One97 Communications Limited provides payment, commerce and cloud, and financial services to consumers and merchants in India, the United Arab Emirates, Saudi Arabia, and Singapore. The company provides payment and financial services, which primarily includes payment facilitator services, facilitation of consumer and merchant lending to consumers and merchants, wealth management, etc. It also offers commerce and cloud services, including aggregator for digital products; ticketing services for travel and entertainment; and providing voice and messaging platforms to the telecom operators, enterprise customers, and other businesses, etc. In addition, the company provides digital recharge, utility bills, education and money transfers, and online payment gateways, as well as offline payment modes through QR codes, soundbox, and card machines; digital distribution of credit, insurance, mutual funds distribution, and equity broking; and distribution of credit cards. Further, it offers mobile credit, lending, insurance, and wealth management for consumers and merchants; marketing services including selling of tickets, deals, and gift vouchers to customers; advertising; and loyalty solutions, as well as operates technology platform for origination, loan management, and collection for credit access. One97 Communications Limited was incorporated in 2000 and is headquartered in Noida, India.
Revenue projections:
Revenue projections for PAYTM PAYTM's revenue projections show a decrease from last year, which tends to make investors more cautious. This could have a negative impact on the company's bottom line, as lower revenues typically suggest reduced profitability and growth potential, prompting concern among investors.
Financial Ratios:
currentRatio
2.477000
forwardPE
60.304996
debtToEquity
1.045000
earningsGrowth
-0.978000
revenueGrowth
0.242000
grossMargins
0.325700
operatingMargins
0.001940
trailingEps
-9.550000
forwardEps
-4.930000
PAYTM's current ratio of 2.477 shows that the company has ample resources to service its short-term debt. This indicates a solid financial position, as PAYTM can rely on its cash reserves and current assets to cover its immediate liabilities without strain. PAYTM's elevated forward PE ratio suggests limited upside potential and a risk of price correction. Investors must scrutinize this metric closely, ensuring it aligns with other fundamental indicators before making any decisions. PAYTM's low earnings and revenue growth indicate potential profit shrinkage. This suggests that the company's financial performance may be weakening, raising concerns about its future profitability and overall business outlook. PAYTM's negative gross and operating margins indicate that the company is operating at a loss. This reflects an inability to cover production costs and operational expenses, which could undermine its financial stability.
Price projections:
Price projections for PAYTM Price projections for PAYTM have consistently been revised upward, indicating positive sentiment toward the company. This gradual adjustment reflects growing confidence in PAYTM's future potential and financial outlook among analysts.

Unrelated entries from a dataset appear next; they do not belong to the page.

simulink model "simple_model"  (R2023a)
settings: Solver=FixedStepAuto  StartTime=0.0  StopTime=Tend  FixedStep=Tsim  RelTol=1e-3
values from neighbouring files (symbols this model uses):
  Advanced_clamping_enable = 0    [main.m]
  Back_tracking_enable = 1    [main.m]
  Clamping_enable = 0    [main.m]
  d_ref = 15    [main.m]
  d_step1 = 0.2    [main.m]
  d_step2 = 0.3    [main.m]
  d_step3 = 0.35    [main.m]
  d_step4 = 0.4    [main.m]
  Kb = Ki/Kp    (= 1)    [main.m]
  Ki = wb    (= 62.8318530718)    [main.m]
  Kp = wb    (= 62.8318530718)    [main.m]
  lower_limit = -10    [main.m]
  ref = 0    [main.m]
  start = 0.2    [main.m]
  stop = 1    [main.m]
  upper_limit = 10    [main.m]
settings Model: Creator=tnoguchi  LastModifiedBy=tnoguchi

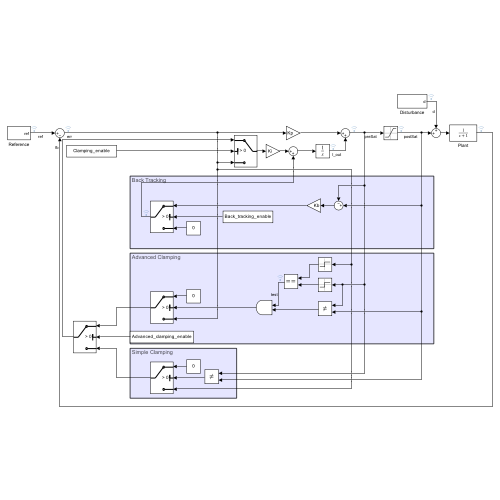
[thumbnail: Simulink's stored preview of the top-level diagram]
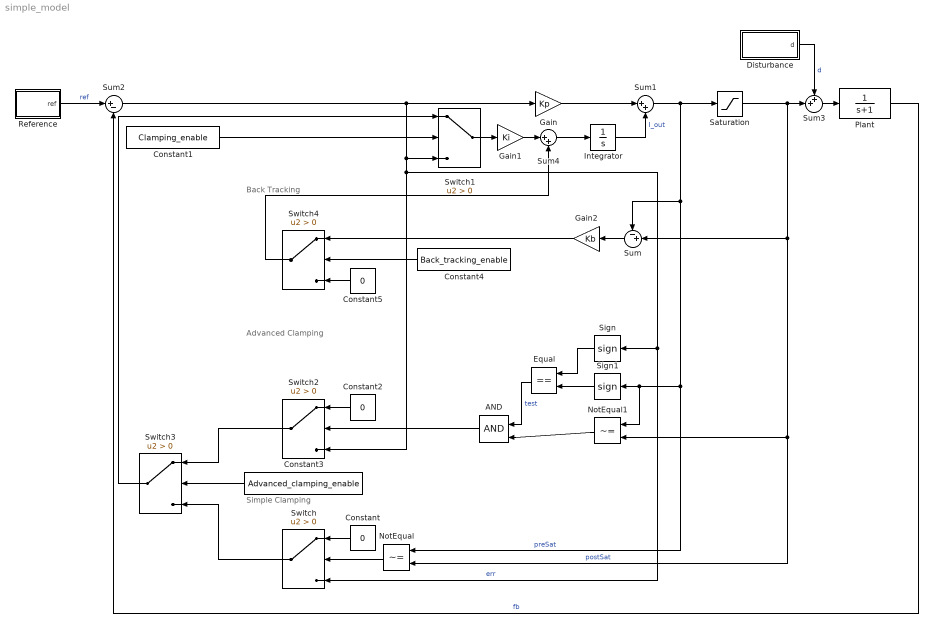
== system simple_model ==
  note: Simple Clamping
  note: Advanced Clamping
  note: Back Tracking
  AND : Logic  IconShape=distinctive  AllPortsSameDT=off  OutDataTypeStr=boolean
  Constant : Constant  Value=0
  Constant1 : Constant  Value=Clamping_enable
  Constant2 : Constant  Value=0
  Constant3 : Constant  Value=Advanced_clamping_enable
  Constant4 : Constant  Value=Back_tracking_enable
  Constant5 : Constant  Value=0
  Disturbance : Subsystem
  Equal : RelationalOperator  Operator===  OutDataTypeStr=boolean  RndMeth=Simplest  InputSameDT=off
  Gain : Gain  Gain=Kp
  Gain1 : Gain  Gain=Ki
  Gain2 : Gain  Gain=Kb
  Integrator : Integrator
  NotEqual : RelationalOperator  Operator=~=  OutDataTypeStr=boolean  RndMeth=Simplest  InputSameDT=off
  NotEqual1 : RelationalOperator  Operator=~=  OutDataTypeStr=boolean  RndMeth=Simplest  InputSameDT=off
  Plant : TransferFcn  Denominator=[1 1]
  Reference : Subsystem
  Saturation : Saturate  UpperLimit=upper_limit  LowerLimit=lower_limit
  Sign : Signum
  Sign1 : Signum
  Sum : Sum  Inputs=-+|
  Sum1 : Sum  Inputs=|++
  Sum2 : Sum  Inputs=|+-
  Sum3 : Sum  Inputs=++|
  Sum4 : Sum  Inputs=|++
  Switch{,1..4} (5 alike) : Switch  Criteria=u2 > Threshold  SaturateOnIntegerOverflow=off  InputSameDT=off
  wires:
  Sum2/1 -> Switch/3, Sign/1, Switch2/3, Switch1/3, Gain/1  "err"
  Plant/1 -> Sum2/2  "fb"
  Sum3/1 -> Plant/1
  Sum1/1 -> NotEqual/1, Sign1/1, NotEqual1/1, Sum/1, Saturation/1  "preSat"
  Saturation/1 -> Sum/2, NotEqual/2, NotEqual1/2, Sum3/2  "postSat"
  NotEqual/1 -> Switch/2
  Constant/1 -> Switch/1
  Reference/1(ref) -> Sum2/1  "ref"
  Disturbance/1(d) -> Sum3/1  "d"
  Constant1/1 -> Switch1/2
  Switch1/1 -> Gain1/1
  NotEqual1/1 -> AND/2
  Sign/1 -> Equal/1
  Sign1/1 -> Equal/2
  Equal/1 -> AND/1  "test"
  AND/1 -> Switch2/2
  Constant2/1 -> Switch2/1
  Switch/1 -> Switch3/3
  Switch2/1 -> Switch3/1
  Constant3/1 -> Switch3/2
  Sum/1 -> Gain2/1
  Gain1/1 -> Sum4/1
  Sum4/1 -> Integrator/1
  Constant4/1 -> Switch4/2
  Gain2/1 -> Switch4/1
  Switch4/1 -> Sum4/2
  Constant5/1 -> Switch4/3
  Switch3/1 -> Switch1/1
  Integrator/1 -> Sum1/2  "I_out"
  Gain/1 -> Sum1/1

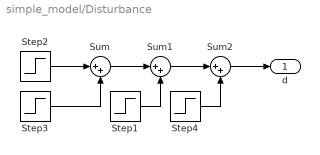
== system simple_model/Disturbance ==
  Step1 : Step  Time=d_step3  After=2*d_ref  SampleTime=0
  Step2 : Step  Time=d_step1  Before=10  After=d_ref  SampleTime=0
  Step3 : Step  Time=d_step2  After=-2*d_ref  SampleTime=0
  Step4 : Step  Time=d_step4  After=-d_ref  SampleTime=0
  Sum : Sum  Inputs=|++
  Sum1 : Sum  Inputs=|++
  Sum2 : Sum  Inputs=|++
  d : Outport
  wires:
  Sum2/1 -> d/1
  Step2/1 -> Sum/1
  Step3/1 -> Sum/2
  Step1/1 -> Sum1/2
  Sum/1 -> Sum1/1
  Sum1/1 -> Sum2/1
  Step4/1 -> Sum2/2

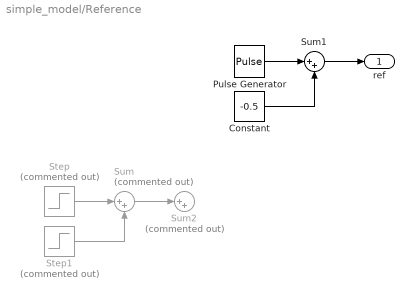
== system simple_model/Reference ==
  Constant : Constant  Value=-0.5
  Pulse Generator : DiscretePulseGenerator  PulseType=Time based  Period=0.05  PulseWidth=50
  Step : Step  Commented=on  Time=start  After=ref  SampleTime=0
  Step1 : Step  Commented=on  Time=stop  After=-5*ref  SampleTime=0
  Sum : Sum  Commented=on  Inputs=|++
  Sum1 : Sum  Inputs=|++
  Sum2 : Sum  Commented=on  Inputs=|++
  ref : Outport
  wires:
  Step/1 -> Sum/1
  Sum/1 -> Sum2/1
  Step1/1 -> Sum/2
  Pulse Generator/1 -> Sum1/1
  Sum1/1 -> ref/1
  Constant/1 -> Sum1/2
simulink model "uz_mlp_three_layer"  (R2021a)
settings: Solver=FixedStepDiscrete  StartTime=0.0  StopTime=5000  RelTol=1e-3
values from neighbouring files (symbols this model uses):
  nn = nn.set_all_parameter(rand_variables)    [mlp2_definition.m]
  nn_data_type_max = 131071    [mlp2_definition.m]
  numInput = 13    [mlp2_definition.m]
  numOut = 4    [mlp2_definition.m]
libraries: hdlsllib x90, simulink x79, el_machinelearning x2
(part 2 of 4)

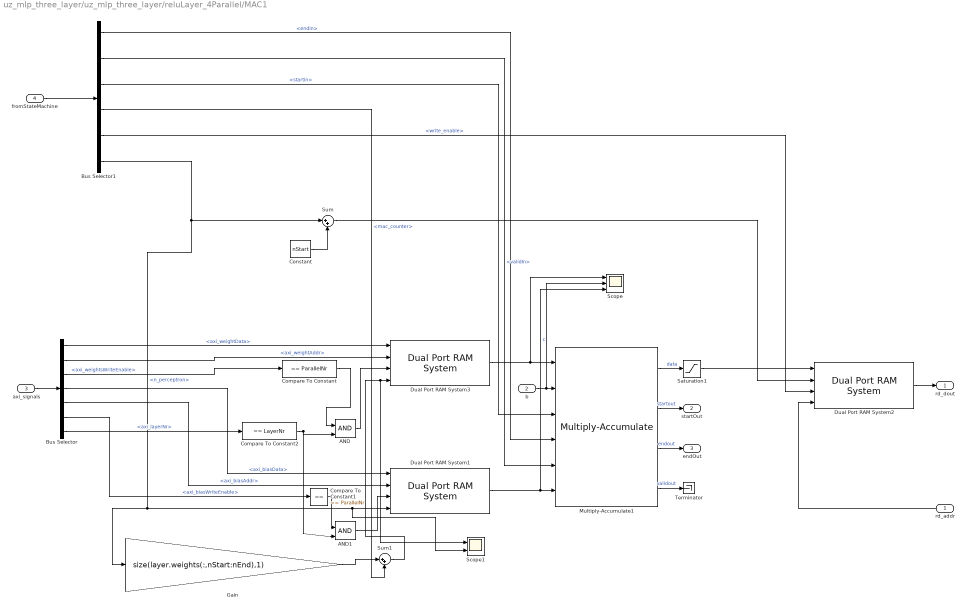
== system uz_mlp_three_layer/uz_mlp_three_layer/reluLayer_4Parallel/MAC1 ==
  rd_addr : Inport
  b : Inport  Port=2
  axi_signals : Inport  Port=3
  fromStateMachine : Inport  Port=4
  AND : Logic  IconShape=distinctive  AllPortsSameDT=off  OutDataTypeStr=boolean
  AND1 : Logic  IconShape=distinctive  AllPortsSameDT=off  OutDataTypeStr=boolean
  Bus Selector : BusSelector  OutputSignals=axi_weightData,axi_weightAddr,axi_weightsWriteEnable,axi_biasData,axi_biasAddr,axi_biasWriteEnable,axi_layerNr
  Bus Selector1 : BusSelector  OutputSignals=endin,validIn,startin,mac_counter,write_enable,n_perceptron
  Compare To Constant : simulink/Logic and Bit Operations/Compare To Constant  relop===  const=ParallelNr  OutDataTypeStr=boolean
  Compare To Constant1 : simulink/Logic and Bit Operations/Compare To Constant  relop===  const=ParallelNr  OutDataTypeStr=boolean
  Compare To Constant2 : simulink/Logic and Bit Operations/Compare To Constant  relop===  const=LayerNr  OutDataTypeStr=boolean
  Constant : Constant  Value=nStart  OutDataTypeStr=Inherit: Inherit via back propagation  SampleTime=-1
  Dual Port RAM System1 : hdlsllib/HDL RAMs/Dual Port RAM System  RAMType=Simple dual port  WriteOutputValue=New data  RAMInitialValue=[layer.bias(nStart:nEnd);zeros(1024-length(layer.bias(nStart:nEnd)),1)]  SimulateUsing=Code generation
      settings: SourceProductBaseCode=SL
  Dual Port RAM System2 : hdlsllib/HDL RAMs/Dual Port RAM System  RAMType=Simple dual port  WriteOutputValue=New data  RAMInitialValue=[0]  SimulateUsing=Code generation
      settings: SourceProductBaseCode=SL
  Dual Port RAM System3 : hdlsllib/HDL RAMs/Dual Port RAM System  RAMType=Simple dual port  WriteOutputValue=New data  RAMInitialValue=[0;reshape(layer.weights(:,nStart:nEnd),[],1);zeros(1023-length(reshape(layer.weights(:,nStart:nEnd),[],1)),1)]  SimulateUsing=Code generation
      settings: SourceProductBaseCode=SL
  Gain : Gain  Gain=size(layer.weights(:,nStart:nEnd),1)  OutDataTypeStr=Inherit: Same as input
  Multiply-Accumulate1 : hdlsllib/HDL Operations/Multiply-Accumulate  opMode=Streaming - using Start and End ports  initValueSetting=Dialog  initValue=0  initValueSetting2=Input port  initValue2=0  initValueSetting3=Dialog  initValue3=0  num_samples=2  RndMeth2=Floor  RndMeth3=Floor  datatype2=fixdt(1,32,14)  datatype3=Inherit: Inherit via back propagation  validOut=on  endInandOut=on  startOut=on  countOut=on  dim=-1  DoSatur=off  parallel=off
      settings: SourceProductBaseCode=SL
  Saturation1 : Saturate  UpperLimit=nn_data_type_max  LowerLimit=0
  Scope : Scope  NumInputPorts=3
  Scope1 : Scope  NumInputPorts=2
  Sum : Sum  Inputs=|++  OutDataTypeStr=Inherit: Same as first input
  Sum1 : Sum  Inputs=|++  OutDataTypeStr=Inherit: Same as first input
  Terminator : Terminator
  rd_dout : Outport
  startOut : Outport  Port=2
  endOut : Outport  Port=3
  wires:
  fromStateMachine/1 -> Bus Selector1/1
  AND1/1 -> Dual Port RAM System1/3
  Bus Selector/7 -> Compare To Constant2/1  "<axi_layerNr>"
  AND/1 -> Dual Port RAM System3/3
  Compare To Constant2/1 -> AND/2, AND1/2
  Compare To Constant1/1 -> AND1/1
  Compare To Constant/1 -> AND/1
  axi_signals/1 -> Bus Selector/1
  Bus Selector/3 -> Compare To Constant/1  "<axi_weightsWriteEnable>"
  Bus Selector/2 -> Dual Port RAM System3/2  "<axi_weightAddr>"
  Bus Selector/1 -> Dual Port RAM System3/1  "<axi_weightData>"
  Bus Selector/6 -> Compare To Constant1/1  "<axi_biasWriteEnable>"
  Bus Selector/5 -> Dual Port RAM System1/2  "<axi_biasAddr>"
  Bus Selector/4 -> Dual Port RAM System1/1  "<axi_biasData>"
  Dual Port RAM System3/1 -> Scope/1, Multiply-Accumulate1/1
  rd_addr/1 -> Dual Port RAM System2/4
  Bus Selector1/5 -> Dual Port RAM System2/3  "<write_enable>"
  Sum/1 -> Dual Port RAM System2/2
  Sum1/1 -> Scope1/1, Dual Port RAM System3/4
  Gain/1 -> Sum1/1
  Bus Selector1/3 -> Multiply-Accumulate1/3  "<startin>"
  Bus Selector1/2 -> Multiply-Accumulate1/5  "<validIn>"
  Bus Selector1/4 -> Sum1/2  "<mac_counter>"
  Dual Port RAM System2/1 -> rd_dout/1
  Multiply-Accumulate1/3 -> endOut/1  "endout"
  Bus Selector1/1 -> Multiply-Accumulate1/4  "<endin>"
  Constant/1 -> Sum/2
  Bus Selector1/6 -> Scope1/2, Dual Port RAM System1/4, Gain/1, Sum/1  "<n_perceptron>"
  b/1 -> Scope/2, Multiply-Accumulate1/2
  Multiply-Accumulate1/1 -> Saturation1/1  "data"
  Multiply-Accumulate1/2 -> startOut/1  "startout"
  Multiply-Accumulate1/4 -> Terminator/1  "validout"
  Saturation1/1 -> Dual Port RAM System2/1
  Dual Port RAM System1/1 -> Scope/3, Multiply-Accumulate1/6  "c"

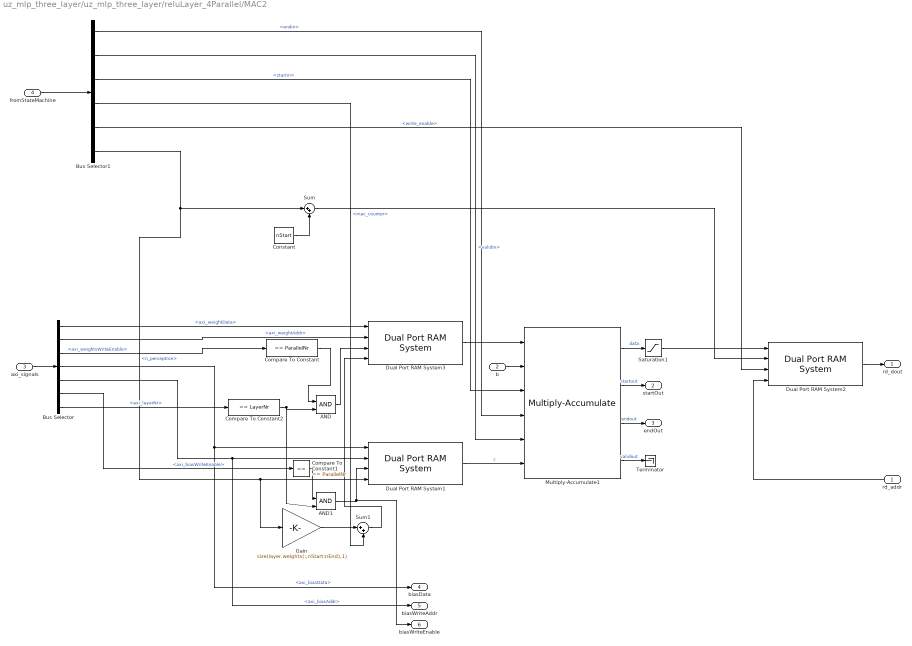
== system uz_mlp_three_layer/uz_mlp_three_layer/reluLayer_4Parallel/MAC2 ==
  rd_addr : Inport
  b : Inport  Port=2
  axi_signals : Inport  Port=3
  fromStateMachine : Inport  Port=4
  AND : Logic  IconShape=distinctive  AllPortsSameDT=off  OutDataTypeStr=boolean
  AND1 : Logic  IconShape=distinctive  AllPortsSameDT=off  OutDataTypeStr=boolean
  Bus Selector : BusSelector  OutputSignals=axi_weightData,axi_weightAddr,axi_weightsWriteEnable,axi_biasData,axi_biasAddr,axi_biasWriteEnable,axi_layerNr
  Bus Selector1 : BusSelector  OutputSignals=endin,validIn,startin,mac_counter,write_enable,n_perceptron
  Compare To Constant : simulink/Logic and Bit Operations/Compare To Constant  relop===  const=ParallelNr  OutDataTypeStr=boolean
  Compare To Constant1 : simulink/Logic and Bit Operations/Compare To Constant  relop===  const=ParallelNr  OutDataTypeStr=boolean
  Compare To Constant2 : simulink/Logic and Bit Operations/Compare To Constant  relop===  const=LayerNr  OutDataTypeStr=boolean
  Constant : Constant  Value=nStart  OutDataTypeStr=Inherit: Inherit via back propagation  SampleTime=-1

Recommendation changes over time:
Recommendations trend for PAYTM
A recent buy bias from analysts toward PAYTM indicates strong confidence in the stock's future performance. This could encourage investors to park their money in PAYTM, viewing it as a stable and potentially rewarding investment opportunity with promising long-term growth prospects.
DISCLAIMER: We provide information and our musings based on events, but nothing on this site can be considered professional advice of any kind.
An analysis of how sticky inflation and natural disaster risks are creating...
By clicking "Accept", you agree to the storing of cookies on your device to enhance site navigation, analyze site usage and assist in our tailored marketing efforts.